Quanto ao aspecto de motor e perfeição da vida, convém aplicar à ela o que São Jerônimo diz a respeito do Gênesis[5]: “o que em nossos livros está escrito ferebatur, no hebraico está marahaefeth, o que podemos chamar de “debruçava” ou “aquecia”, à semelhança da ave, que dá a vida aos ovos pelo calor. De onde podemos entender o que se diz […] do Espírito Santo, que é dito desde o princípio como o vivificador de todas as coisas.”[6] Debruçava-se para “produzir as coisas no ser”. Ora, Nossa Senhora se debruça sobre nós para nos dar as graças de Deus, pois ela é o canal que Deus quis usar para vir a nós e para derramar as graças em nós. Dela pode-se dizer “Pois convosco está a fonte da vida” (Sl 35, 10), isto é, Nosso Senhor. Ou seja, com ela está a vida da graça. E por isso, ela é perfeição da vida.

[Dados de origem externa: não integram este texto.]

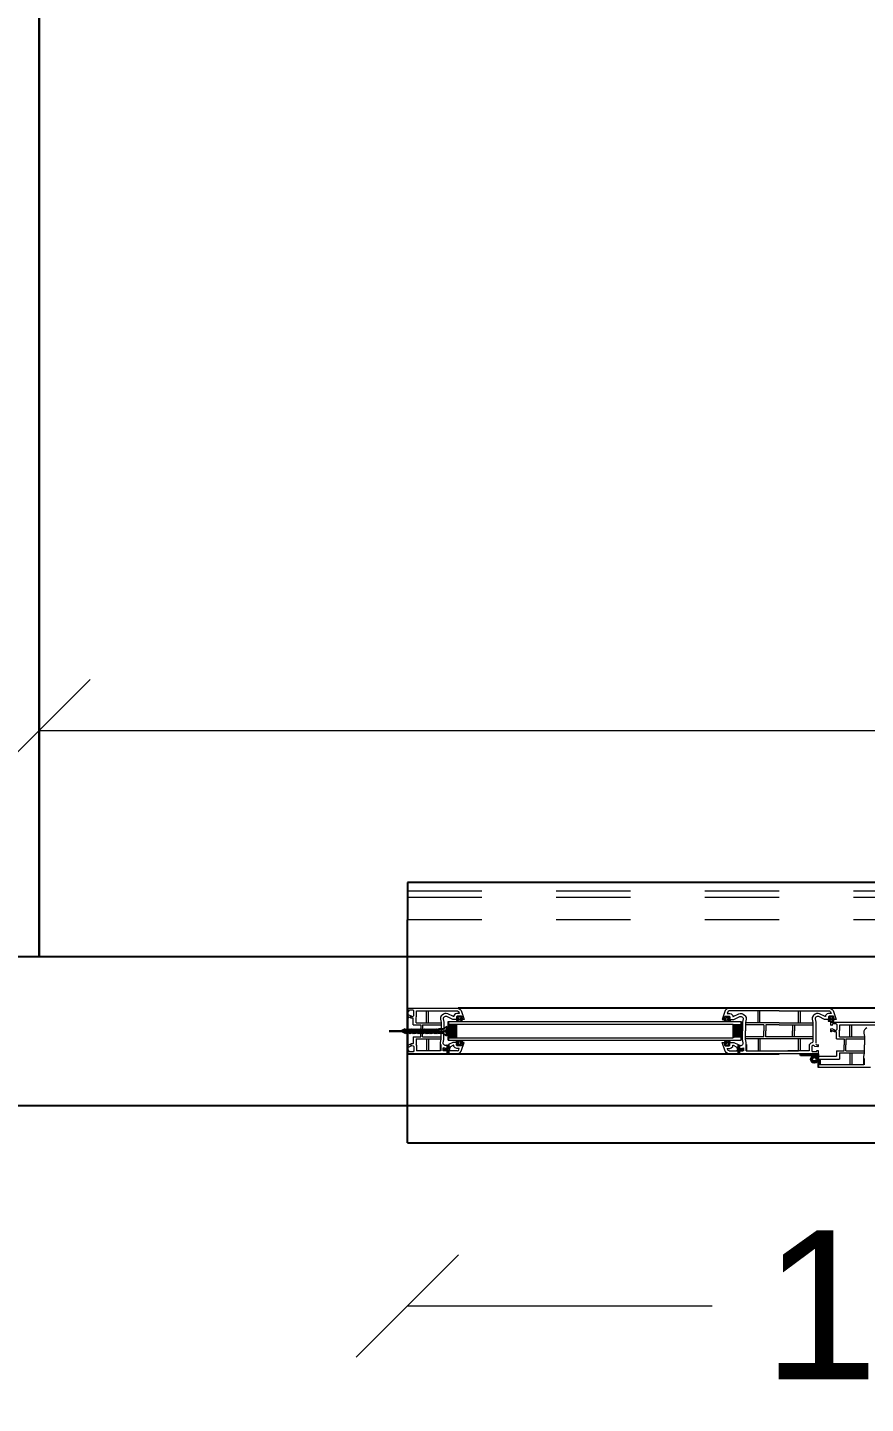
# Model space of a CAD drawing. Header units: metres. Extents: x -355 to 973, y -73 to 238.
# Drawn here: x -278.056 to -276.93, y 97.486 to 99.336 of the extents above; entities that cross this region are included whole.
import ezdxf

# ---------------------------------------------------------------- set-up
doc = ezdxf.new("R2010")
doc.units = ezdxf.units.M
doc.header["$LTSCALE"] = 3
doc.header["$MEASUREMENT"] = 0
for name, pattern in [('202$0$HIDDEN', [0.375, 0.25, -0.125]), ('ACAD_ISO02W100', [15, 12, -3]), ('DASHED2', [0.375, 0.25, -0.125])]:
    doc.linetypes.add(name, pattern=pattern)
for name, color, linetype in [('01B', 10, 'Continuous'), ('4', 4, 'ACAD_ISO02W100'), ('5', 2, 'Continuous')]:
    doc.layers.add(name, color=color, linetype=linetype)
doc.layers.add('05', color=21, linetype='Continuous', lineweight=5)
doc.layers.add('15', color=63, linetype='DASHED2', lineweight=15)
doc.styles.get("Standard").update_dxf_attribs({"font": 'arial.ttf'})
doc.dimstyles.new('ahmad', dxfattribs={"dimtxt": 0.2, "dimasz": 0.1375, "dimexe": 0, "dimexo": 0.0625, "dimgap": 0.09, "dimtad": 0, "dimzin": 0, "dimdsep": 46, "dimtxsty": 'Standard', "dimblk": 'OBLIQUE', "dimcen": 0.09, "dimclrd": 245, "dimclrt": 61, "dimadec": 0, "dimazin": 0, "dimtfac": 1, "dimtofl": 0, "dimtmove": 0, "dimatfit": 3, "dimldrblk": 'OBLIQUE', "dimfxl": 0, "dimfxlon": 1, "dimtolj": 1, "dimtzin": 0, "dimlwd": 13, "dimarcsym": 0})

# ---------------------------------------------------------------- blocks, each defined once
blk = doc.blocks.new('DSSSS')
at = {"layer": '05'}
for p, q in [((152.7604, -221.3864), (152.7604, -221.3872)), ((152.7604, -221.3872), (152.7664, -221.3872)), ((152.7664, -221.3872), (152.7664, -221.3863))]:
    blk.add_line(p, q, dxfattribs=at)
blk.add_lwpolyline([(152.7664, -221.3863), (152.7646, -221.3863), (152.7646, -221.384), (152.7657, -221.384), (152.7654, -221.383), (152.7617, -221.383), (152.7617, -221.3838), (152.7623, -221.3841), (152.763, -221.3847), (152.763, -221.3859), (152.7619, -221.3864), (152.7604, -221.3864)], dxfattribs=at)
blk = doc.blocks.new('ddd')
at = {"layer": '01B'}
for points in [[(1655.8293, 1003.8705), (1655.8184, 1003.8705), (1655.8184, 1003.889), (1655.8293, 1003.889)], [(1656.2018, 1003.8705), (1656.2127, 1003.8705), (1656.2127, 1003.889), (1656.2018, 1003.889)]]:
    blk.add_hatch(color=143, dxfattribs=at).paths.add_polyline_path(points)
at = {"layer": '01B', "color": 32}
for p in [(1655.7637, 1004.0793), (1655.7637, 1003.7293)]:
    blk.add_line(p, (1655.7637, 1004.0293), dxfattribs=at)
at = {"layer": '01B', "color": 143}
for p, q in [((1655.7637, 1003.9104), (1655.7637, 1003.8491)), ((1657.1951, 1003.9104), (1655.8322, 1003.9104)), ((1655.7802, 1003.8793), (1655.7393, 1003.8793)), ((1655.7393, 1003.8793), (1655.8247, 1003.8793)), ((1655.7608, 1003.8819), (1655.7555, 1003.8793)), ((1655.7608, 1003.8768), (1655.7555, 1003.8793)), ((1655.7608, 1003.8819), (1655.7587, 1003.8793)), ((1655.7608, 1003.8768), (1655.7587, 1003.8793)), ((1655.7621, 1003.8819), (1655.76, 1003.8793)), ((1655.7621, 1003.8768), (1655.76, 1003.8793)), ((1655.7608, 1003.8819), (1655.7616, 1003.8813)), ((1655.7608, 1003.8768), (1655.7616, 1003.8774)), ((1655.7633, 1003.8819), (1655.7612, 1003.8793)), ((1655.7633, 1003.8768), (1655.7612, 1003.8793)), ((1655.7621, 1003.8819), (1655.7628, 1003.8813)), ((1655.7621, 1003.8768), (1655.7628, 1003.8774)), ((1655.7646, 1003.8819), (1655.7624, 1003.8793)), ((1655.7646, 1003.8768), (1655.7624, 1003.8793)), ((1655.7633, 1003.8819), (1655.7641, 1003.8813)), ((1655.7633, 1003.8768), (1655.7641, 1003.8774)), ((1655.7658, 1003.8819), (1655.7637, 1003.8793)), ((1655.7658, 1003.8768), (1655.7637, 1003.8793)), ((1655.7646, 1003.8819), (1655.7653, 1003.8813)), ((1655.7646, 1003.8768), (1655.7653, 1003.8774)), ((1655.7671, 1003.8819), (1655.7649, 1003.8793)), ((1655.7671, 1003.8768), (1655.7649, 1003.8793)), ((1655.7658, 1003.8819), (1655.7666, 1003.8813)), ((1655.7658, 1003.8768), (1655.7666, 1003.8774)), ((1655.7683, 1003.8819), (1655.7662, 1003.8793)), ((1655.7683, 1003.8768), (1655.7662, 1003.8793)), ((1655.7671, 1003.8819), (1655.7678, 1003.8813)), ((1655.7671, 1003.8768), (1655.7678, 1003.8774)), ((1655.7696, 1003.8819), (1655.7674, 1003.8793)), ((1655.7696, 1003.8768), (1655.7674, 1003.8793)), ((1655.7683, 1003.8819), (1655.769, 1003.8813)), ((1655.7683, 1003.8768), (1655.769, 1003.8774)), ((1655.7708, 1003.8819), (1655.7687, 1003.8793)), ((1655.7708, 1003.8768), (1655.7687, 1003.8793)), ((1655.7696, 1003.8819), (1655.7703, 1003.8813)), ((1655.7696, 1003.8768), (1655.7703, 1003.8774)), ((1655.7721, 1003.8819), (1655.7699, 1003.8793)), ((1655.7721, 1003.8768), (1655.7699, 1003.8793)), ((1655.7708, 1003.8819), (1655.7715, 1003.8813)), ((1655.7708, 1003.8768), (1655.7715, 1003.8774)), ((1655.7733, 1003.8819), (1655.7712, 1003.8793)), ((1655.7733, 1003.8768), (1655.7712, 1003.8793)), ((1655.7721, 1003.8819), (1655.7728, 1003.8813)), ((1655.7721, 1003.8768), (1655.7728, 1003.8774)), ((1655.7745, 1003.8819), (1655.7724, 1003.8793)), ((1655.7745, 1003.8768), (1655.7724, 1003.8793)), ((1655.7733, 1003.8819), (1655.774, 1003.8813)), ((1655.7733, 1003.8768), (1655.774, 1003.8774)), ((1655.7758, 1003.8819), (1655.7737, 1003.8793)), ((1655.7758, 1003.8768), (1655.7737, 1003.8793)), ((1655.7745, 1003.8819), (1655.7753, 1003.8813)), ((1655.7745, 1003.8768), (1655.7753, 1003.8774)), ((1655.777, 1003.8819), (1655.7749, 1003.8793)), ((1655.777, 1003.8768), (1655.7749, 1003.8793)), ((1655.7758, 1003.8819), (1655.7765, 1003.8813)), ((1655.7758, 1003.8768), (1655.7765, 1003.8774)), ((1655.7783, 1003.8819), (1655.7762, 1003.8793)), ((1655.7783, 1003.8768), (1655.7762, 1003.8793)), ((1655.777, 1003.8819), (1655.7778, 1003.8813)), ((1655.777, 1003.8768), (1655.7778, 1003.8774)), ((1655.7795, 1003.8819), (1655.7774, 1003.8793)), ((1655.7795, 1003.8768), (1655.7774, 1003.8793)), ((1655.7783, 1003.8819), (1655.779, 1003.8813)), ((1655.7783, 1003.8768), (1655.779, 1003.8774)), ((1655.7808, 1003.8819), (1655.7786, 1003.8793)), ((1655.7808, 1003.8768), (1655.7786, 1003.8793)), ((1655.7795, 1003.8819), (1655.7803, 1003.8813)), ((1655.7795, 1003.8768), (1655.7803, 1003.8774)), ((1655.782, 1003.8819), (1655.7799, 1003.8793)), ((1655.782, 1003.8768), (1655.7799, 1003.8793)), ((1655.7808, 1003.8819), (1655.7815, 1003.8813)), ((1655.7808, 1003.8768), (1655.7815, 1003.8774)), ((1655.7833, 1003.8819), (1655.7811, 1003.8793)), ((1655.7833, 1003.8768), (1655.7811, 1003.8793)), ((1655.782, 1003.8819), (1655.7827, 1003.8813)), ((1655.782, 1003.8768), (1655.7827, 1003.8774)), ((1655.7845, 1003.8819), (1655.7824, 1003.8793)), ((1655.7845, 1003.8768), (1655.7824, 1003.8793)), ((1655.7833, 1003.8819), (1655.784, 1003.8813)), ((1655.7833, 1003.8768), (1655.784, 1003.8774)), ((1655.7858, 1003.8819), (1655.7836, 1003.8793)), ((1655.7858, 1003.8768), (1655.7836, 1003.8793)), ((1655.7845, 1003.8819), (1655.7852, 1003.8813)), ((1655.7845, 1003.8768), (1655.7852, 1003.8774)), ((1655.787, 1003.8819), (1655.7849, 1003.8793)), ((1655.787, 1003.8768), (1655.7849, 1003.8793)), ((1655.7858, 1003.8819), (1655.7865, 1003.8813)), ((1655.7858, 1003.8768), (1655.7865, 1003.8774)), ((1655.7882, 1003.8819), (1655.7861, 1003.8793)), ((1655.7882, 1003.8768), (1655.7861, 1003.8793)), ((1655.787, 1003.8819), (1655.7877, 1003.8813)), ((1655.787, 1003.8768), (1655.7877, 1003.8774)), ((1655.7895, 1003.8819), (1655.7874, 1003.8793)), ((1655.7895, 1003.8768), (1655.7874, 1003.8793)), ((1655.7882, 1003.8819), (1655.789, 1003.8813)), ((1655.7882, 1003.8768), (1655.789, 1003.8774)), ((1655.7907, 1003.8819), (1655.7886, 1003.8793)), ((1655.7907, 1003.8768), (1655.7886, 1003.8793)), ((1655.7895, 1003.8819), (1655.7902, 1003.8813)), ((1655.7895, 1003.8768), (1655.7902, 1003.8774)), ((1655.792, 1003.8819), (1655.7899, 1003.8793)), ((1655.792, 1003.8768), (1655.7899, 1003.8793)), ((1655.7907, 1003.8819), (1655.7915, 1003.8813)), ((1655.7907, 1003.8768), (1655.7915, 1003.8774)), ((1655.7932, 1003.8819), (1655.7911, 1003.8793)), ((1655.7932, 1003.8768), (1655.7911, 1003.8793)), ((1655.792, 1003.8819), (1655.7927, 1003.8813)), ((1655.792, 1003.8768), (1655.7927, 1003.8774)), ((1655.7945, 1003.8819), (1655.7923, 1003.8793)), ((1655.7945, 1003.8768), (1655.7923, 1003.8793)), ((1655.7932, 1003.8819), (1655.794, 1003.8813)), ((1655.7932, 1003.8768), (1655.794, 1003.8774)), ((1655.7957, 1003.8819), (1655.7936, 1003.8793)), ((1655.7957, 1003.8768), (1655.7936, 1003.8793)), ((1655.7945, 1003.8819), (1655.7952, 1003.8813)), ((1655.7945, 1003.8768), (1655.7952, 1003.8774)), ((1655.797, 1003.8819), (1655.7948, 1003.8793)), ((1655.797, 1003.8768), (1655.7948, 1003.8793)), ((1655.7957, 1003.8819), (1655.7965, 1003.8813)), ((1655.7957, 1003.8768), (1655.7965, 1003.8774)), ((1655.7982, 1003.8819), (1655.7961, 1003.8793)), ((1655.7982, 1003.8768), (1655.7961, 1003.8793)), ((1655.797, 1003.8819), (1655.7977, 1003.8813)), ((1655.797, 1003.8768), (1655.7977, 1003.8774)), ((1655.7995, 1003.8819), (1655.7973, 1003.8793)), ((1655.7995, 1003.8768), (1655.7973, 1003.8793)), ((1655.7982, 1003.8819), (1655.7989, 1003.8813)), ((1655.7982, 1003.8768), (1655.7989, 1003.8774)), ((1655.8007, 1003.8819), (1655.7986, 1003.8793)), ((1655.8007, 1003.8768), (1655.7986, 1003.8793)), ((1655.7995, 1003.8819), (1655.8002, 1003.8813)), ((1655.7995, 1003.8768), (1655.8002, 1003.8774)), ((1655.8019, 1003.8819), (1655.7998, 1003.8793)), ((1655.8019, 1003.8768), (1655.7998, 1003.8793)), ((1655.8007, 1003.8819), (1655.8014, 1003.8813)), ((1655.8007, 1003.8768), (1655.8014, 1003.8774)), ((1655.8032, 1003.8819), (1655.8011, 1003.8793)), ((1655.8032, 1003.8768), (1655.8011, 1003.8793)), ((1655.8019, 1003.8819), (1655.8027, 1003.8813)), ((1655.8019, 1003.8768), (1655.8027, 1003.8774)), ((1655.8044, 1003.8819), (1655.8023, 1003.8793)), ((1655.8044, 1003.8768), (1655.8023, 1003.8793)), ((1655.8032, 1003.8819), (1655.8039, 1003.8813)), ((1655.8032, 1003.8768), (1655.8039, 1003.8774)), ((1655.8057, 1003.8819), (1655.8036, 1003.8793)), ((1655.8057, 1003.8768), (1655.8036, 1003.8793)), ((1655.8044, 1003.8819), (1655.8052, 1003.8813)), ((1655.8044, 1003.8768), (1655.8052, 1003.8774)), ((1655.8114, 1003.8819), (1655.8057, 1003.8819)), ((1655.8057, 1003.8819), (1655.8057, 1003.8793)), ((1655.8057, 1003.8768), (1655.8057, 1003.8793)), ((1655.8114, 1003.8768), (1655.8057, 1003.8768)), ((1655.8168, 1003.8855), (1655.8114, 1003.8819)), ((1655.8168, 1003.8732), (1655.8114, 1003.8768)), ((1655.8168, 1003.8803), (1655.8147, 1003.8803)), ((1655.8147, 1003.8803), (1655.8147, 1003.8793)), ((1655.8147, 1003.8784), (1655.8147, 1003.8793)), ((1655.8168, 1003.8784), (1655.8147, 1003.8784)), ((1655.8168, 1003.8855), (1655.8168, 1003.8803)), ((1655.8168, 1003.8732), (1655.8168, 1003.8784)), ((1655.8184, 1003.8923), (1655.8184, 1003.8672)), ((1655.8293, 1003.889), (1655.8293, 1003.8705)), ((1656.2018, 1003.889), (1656.2018, 1003.8705)), ((1656.2127, 1003.8923), (1656.2127, 1003.8672)), ((1655.8082, 1003.8614), (1655.8082, 1003.8529)), ((1655.8119, 1003.8571), (1655.8119, 1003.8529)), ((1655.8123, 1003.8555), (1655.8122, 1003.8549)), ((1655.8174, 1003.8607), (1655.8174, 1003.8566)), ((1655.8189, 1003.8572), (1655.8178, 1003.8551)), ((1655.8189, 1003.8615), (1655.8189, 1003.8572)), ((1655.8209, 1003.8581), (1655.8193, 1003.8551)), ((1656.2065, 1003.8581), (1656.2081, 1003.8551)), ((1656.2084, 1003.8615), (1656.2084, 1003.8572)), ((1656.2084, 1003.8572), (1656.2095, 1003.8551)), ((1656.2099, 1003.8607), (1656.2099, 1003.8566)), ((1656.215, 1003.8555), (1656.2152, 1003.8549)), ((1656.2154, 1003.8571), (1656.2154, 1003.8529)), ((1656.2192, 1003.8614), (1656.2192, 1003.8529)), ((1655.7637, 1003.8491), (1656.2637, 1003.8491)), ((1655.8174, 1003.8529), (1655.8174, 1003.8491)), ((1655.8181, 1003.8545), (1655.8189, 1003.8529)), ((1655.8189, 1003.8529), (1655.8189, 1003.8491)), ((1655.8193, 1003.8551), (1655.8204, 1003.8529)), ((1656.2081, 1003.8551), (1656.207, 1003.8529)), ((1656.2092, 1003.8545), (1656.2084, 1003.8529)), ((1656.2084, 1003.8529), (1656.2084, 1003.8491)), ((1656.2099, 1003.8529), (1656.2099, 1003.8491)), ((1656.2921, 1003.8467), (1656.2921, 1003.8491)), ((1656.3159, 1003.8467), (1656.2921, 1003.8467)), ((1656.3159, 1003.8491), (1656.3159, 1003.8467)), ((1656.3159, 1003.8456), (1656.3159, 1003.8304)), ((1656.3185, 1003.8418), (1656.3185, 1003.8342)), ((1656.3774, 1003.8427), (1656.3774, 1003.8342))]:
    blk.add_line(p, q, dxfattribs=at)
for radius in [0.00477, 0.00274]:
    blk.add_circle((1656.3109, 1003.8416), radius, dxfattribs=at)
at = {"layer": '05', "color": 143}
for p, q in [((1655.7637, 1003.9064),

É motor porque sendo o movimento produto da vontade, ela nos impele, dilata o nosso coração e nos faz buscar a Deus: “corri pelos caminhos dos teus mandamentos, quando dilatastes o meu coração” (Sl 118, 32).

Finalmente, sua origem é oculta, pois ela “ficou muito escondida na sua vida, por isso é chamada pelo Espírito Santo e pela Igreja: Alma Mater, Mãe escondida e secreta” (PLESSIS, p. 57). Foi escondida dos pais, dos anjos e dos homens, por isso São Luis de Montfort diz que mesmo os anjos perguntavam: Quem é esta?

 

Por um religioso amigo da Congregação Mariana.

Referências

[1] Sermão Abiciamus opera tenebrarum.

[2] Comentário de Santo Tomás ao Evangelho de São João.

[3] Comentários ao Tratado da Verdadeira Devoção. Pe. Armand Plessis, p. 128.

[4] Quidquid convenit ad Iesum per naturam, convenit ad Mariam per gratiam.

[5] “O Espírito de Deus pairava sobre as águas” (Gn 1, 2).

[6] Quaestiones Hebraicae in Genesim, São Jerônimo.